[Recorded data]
..........
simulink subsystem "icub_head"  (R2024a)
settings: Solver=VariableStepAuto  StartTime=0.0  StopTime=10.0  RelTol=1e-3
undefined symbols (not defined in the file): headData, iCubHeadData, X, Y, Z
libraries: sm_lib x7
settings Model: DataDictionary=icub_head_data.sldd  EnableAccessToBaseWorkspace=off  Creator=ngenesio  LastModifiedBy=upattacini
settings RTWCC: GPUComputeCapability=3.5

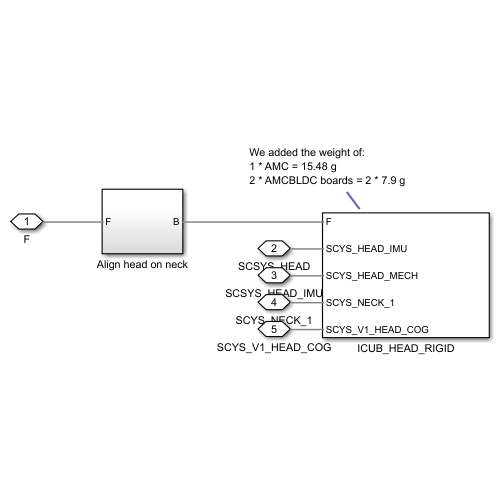
[thumbnail: Simulink's stored preview of the top-level diagram]
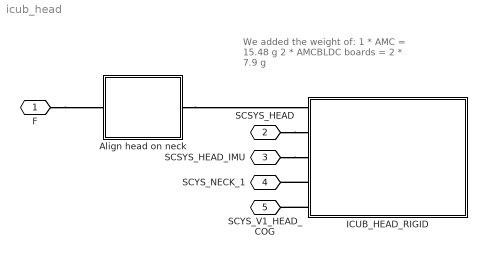
== system icub_head ==
  note: We added the weight of:
      | 1 * AMC = 15.48 g
      | 2 * AMCBLDC boards = 2 * 7.9 g
  Align head on neck : Subsystem
  ICUB_HEAD_RIGID : Subsystem
  F : PMIOPort  Side=Left
  SCSYS_HEAD : PMIOPort  Port=2  Side=Left
  SCSYS_HEAD_IMU : PMIOPort  Port=3  Side=Left
  SCYS_NECK_1 : PMIOPort  Port=4  Side=Left
  SCYS_V1_HEAD_COG : PMIOPort  Port=5  Side=Left
  connections:
  ICUB_HEAD_RIGID/LConn5 -- SCYS_V1_HEAD_COG/RConn1
  F/RConn1 -- Align head on neck/RConn1
  SCSYS_HEAD_IMU/RConn1 -- ICUB_HEAD_RIGID/LConn3
  Align head on neck/LConn1 -- ICUB_HEAD_RIGID/LConn1
  SCSYS_HEAD/RConn1 -- ICUB_HEAD_RIGID/LConn2
  ICUB_HEAD_RIGID/LConn4 -- SCYS_NECK_1/RConn1

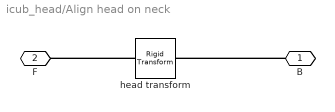
== system icub_head/Align head on neck ==
  head transform : sm_lib/Frames and Transforms/Rigid Transform  RotationMethod=RotationSequence  FollAlignAxisA=+X  BaseAlignAxisA=+Y  FollAlignAxisB=+Y  BaseAlignAxisB=+Z  RotationStandardAxis=+Z  RotationAngle=headData.RigidTransform(4).angle  RotationAngleUnits=rad  RotationArbitraryAxis=headData.RigidTransform(4).axis  RotationSequenceAxes=FollowerAxes  RotationSequence=XYX  RotationSequenceAngles=[0 90 0]  RotationSequenceAnglesUnits=deg  RotationMatrix=[1 0 0; 0 1 0; 0 0 1]  Quaternion=[1 0 0 0]  TranslationMethod=Cartesian  TranslationCartesianOffset=[21.05 -7.7 0]  TranslationCartesianOffsetUnits=mm  TranslationStandardAxis=+Z  TranslationStandardOffset=0  TranslationStandardOffsetUnits=mm  TranslationROffset=0  TranslationROffsetUnits=m  TranslationThetaOffset=0  TranslationThetaOffsetUnits=deg  TranslationZOffset=0  TranslationZOffsetUnits=m
  B : PMIOPort  Side=Left
  F : PMIOPort  Port=2  Side=Right
  connections:
  head transform/LConn1 -- F/RConn1
  B/RConn1 -- head transform/RConn1

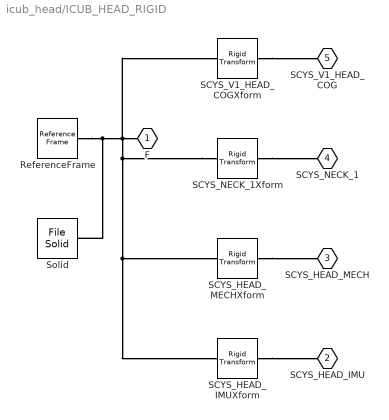
== system icub_head/ICUB_HEAD_RIGID ==
  ReferenceFrame : sm_lib/Frames and Transforms/Reference Frame
  SCYS_HEAD_IMUXform : sm_lib/Frames and Transforms/Rigid Transform  RotationMethod=ArbitraryAxis  FollAlignAxisA=+X  BaseAlignAxisA=+Y  FollAlignAxisB=+Y  BaseAlignAxisB=+Z  RotationStandardAxis=+Z  RotationAngle=iCubHeadData.RigidTransform(2).angle  RotationAngleUnits=rad  RotationArbitraryAxis=iCubHeadData.RigidTransform(2).axis  RotationSequenceAxes=FollowerAxes  RotationSequence=XYX  RotationSequenceAngles=[0 0 0]  RotationSequenceAnglesUnits=deg  RotationMatrix=[1 0 0; 0 1 0; 0 0 1]  Quaternion=[1 0 0 0]  TranslationMethod=Cartesian  TranslationCartesianOffset=iCubHeadData.RigidTransform(2).translation  TranslationCartesianOffsetUnits=mm  TranslationStandardAxis=+Z  TranslationStandardOffset=0  TranslationStandardOffsetUnits=m  TranslationROffset=0  TranslationROffsetUnits=m  TranslationThetaOffset=0  TranslationThetaOffsetUnits=deg  TranslationZOffset=0  TranslationZOffsetUnits=m
  SCYS_HEAD_MECHXform : sm_lib/Frames and Transforms/Rigid Transform  RotationMethod=ArbitraryAxis  FollAlignAxisA=+X  BaseAlignAxisA=+Y  FollAlignAxisB=+Y  BaseAlignAxisB=+Z  RotationStandardAxis=+Z  RotationAngle=iCubHeadData.RigidTransform(4).angle  RotationAngleUnits=rad  RotationArbitraryAxis=iCubHeadData.RigidTransform(4).axis  RotationSequenceAxes=FollowerAxes  RotationSequence=XYX  RotationSequenceAngles=[0 0 0]  RotationSequenceAnglesUnits=deg  RotationMatrix=[1 0 0; 0 1 0; 0 0 1]  Quaternion=[1 0 0 0]  TranslationMethod=Cartesian  TranslationCartesianOffset=iCubHeadData.RigidTransform(4).translation  TranslationCartesianOffsetUnits=mm  TranslationStandardAxis=+Z  TranslationStandardOffset=0  TranslationStandardOffsetUnits=m  TranslationROffset=0  TranslationROffsetUnits=m  TranslationThetaOffset=0  TranslationThetaOffsetUnits=deg  TranslationZOffset=0  TranslationZOffsetUnits=m
  SCYS_NECK_1Xform : sm_lib/Frames and Transforms/Rigid Transform  RotationMethod=ArbitraryAxis  FollAlignAxisA=+X  BaseAlignAxisA=+Y  FollAlignAxisB=+Y  BaseAlignAxisB=+Z  RotationStandardAxis=+Z  RotationAngle=iCubHeadData.RigidTransform(3).angle  RotationAngleUnits=rad  RotationArbitraryAxis=iCubHeadData.RigidTransform(3).axis  RotationSequenceAxes=FollowerAxes  RotationSequence=XYX  RotationSequenceAngles=[0 0 0]  RotationSequenceAnglesUnits=deg  RotationMatrix=[1 0 0; 0 1 0; 0 0 1]  Quaternion=[1 0 0 0]  TranslationMethod=Cartesian  TranslationCartesianOffset=iCubHeadData.RigidTransform(3).translation  TranslationCartesianOffsetUnits=mm  TranslationStandardAxis=+Z  TranslationStandardOffset=0  TranslationStandardOffsetUnits=m  TranslationROffset=0  TranslationROffsetUnits=m  TranslationThetaOffset=0  TranslationThetaOffsetUnits=deg  TranslationZOffset=0  TranslationZOffsetUnits=m
  SCYS_V1_HEAD_COGXform : sm_lib/Frames and Transforms/Rigid Transform  RotationMethod=ArbitraryAxis  FollAlignAxisA=+X  BaseAlignAxisA=+Y  FollAlignAxisB=+Y  BaseAlignAxisB=+Z  RotationStandardAxis=+Z  RotationAngle=iCubHeadData.RigidTransform(1).angle  RotationAngleUnits=rad  RotationArbitraryAxis=iCubHeadData.RigidTransform(1).axis  RotationSequenceAxes=FollowerAxes  RotationSequence=XYX  RotationSequenceAngles=[0 0 0]  RotationSequenceAnglesUnits=deg  RotationMatrix=[1 0 0; 0 1 0; 0 0 1]  Quaternion=[1 0 0 0]  TranslationMethod=Cartesian  TranslationCartesianOffset=iCubHeadData.RigidTransform(1).translation  TranslationCartesianOffsetUnits=mm  TranslationStandardAxis=+Z  TranslationStandardOffset=0  TranslationStandardOffsetUnits=m  TranslationROffset=0  TranslationROffsetUnits=m  TranslationThetaOffset=0  TranslationThetaOffsetUnits=deg  TranslationZOffset=0  TranslationZOffsetUnits=m
  Solid : sm_lib/Body Elements/File Solid  ExtGeomFileName=icub_head_prt.step  UnitType=FromFile  ExtGeomFileUnits=m  StepReaderType=HEX  ExportConvexHullGeometry=off  InertiaType=Custom  BasedOnType=DensityFromFile  Density=1000  DensityUnits=kg/m^3  Mass=iCubHeadData.Solid(1).mass  MassUnits=kg  CenterOfMass=iCubHeadData.Solid(1).CoM  CenterOfMassUnits=mm  MomentsOfInertia=iCubHeadData.Solid(1).MoI  MomentsOfInertiaUnits=kg*mm^2  ProductsOfInertia=iCubHeadData.Solid(1).PoI  ProductsOfInertiaUnits=kg*mm^2  GraphicType=FromGeometry  MarkerShape=Sphere  MarkerSize=10  GraphicVisPropType=SimpleVisualProperties  GraphicDiffuseColor=iCubHeadData.Solid(1).color  GraphicOpacity=iCubHeadData.Solid(1).opacity  GraphicSpecularColor=[0.5 0.5 0.5 1.0]  GraphicAmbientColor=[0.15 0.15 0.15 1.0]  GraphicEmissiveColor=[0.0 0.0 0.0 1.0]  GraphicShininess=75  DoExposeReferenceFrame=on  SerializedFrames=<Frames/>
  F : PMIOPort  Side=Left
  SCYS_HEAD_IMU : PMIOPort  Port=2  Side=Left
  SCYS_HEAD_MECH : PMIOPort  Port=3  Side=Left
  SCYS_NECK_1 : PMIOPort  Port=4  Side=Left
  SCYS_V1_HEAD_COG : PMIOPort  Port=5  Side=Left
  connections:
  SCYS_HEAD_MECHXform/RConn1 -- SCYS_HEAD_MECH/RConn1
  SCYS_NECK_1Xform/RConn1 -- SCYS_NECK_1/RConn1
  SCYS_HEAD_IMUXform/RConn1 -- SCYS_HEAD_IMU/RConn1
  SCYS_V1_HEAD_COGXform/RConn1 -- SCYS_V1_HEAD_COG/RConn1
  SCYS_NECK_1Xform/LConn1 -- F/RConn1 -- SCYS_V1_HEAD_COGXform/LConn1 -- Solid/RConn1 -- ReferenceFrame/RConn1 -- SCYS_HEAD_MECHXform/LConn1 -- SCYS_HEAD_IMUXform/LConn1
..........
(Brief):
Repeat, with no pictures, each line from the beginning of the data through the line containing "boards = 2 * 7.9 g", inclusive.

(Response box):
simulink subsystem "icub_head"  (R2024a)
settings: Solver=VariableStepAuto  StartTime=0.0  StopTime=10.0  RelTol=1e-3
undefined symbols (not defined in the file): headData, iCubHeadData, X, Y, Z
libraries: sm_lib x7
settings Model: DataDictionary=icub_head_data.sldd  EnableAccessToBaseWorkspace=off  Creator=ngenesio  LastModifiedBy=upattacini
settings RTWCC: GPUComputeCapability=3.5

[thumbnail: Simulink's stored preview of the top-level diagram]
== system icub_head ==
  note: We added the weight of:
      | 1 * AMC = 15.48 g
      | 2 * AMCBLDC boards = 2 * 7.9 g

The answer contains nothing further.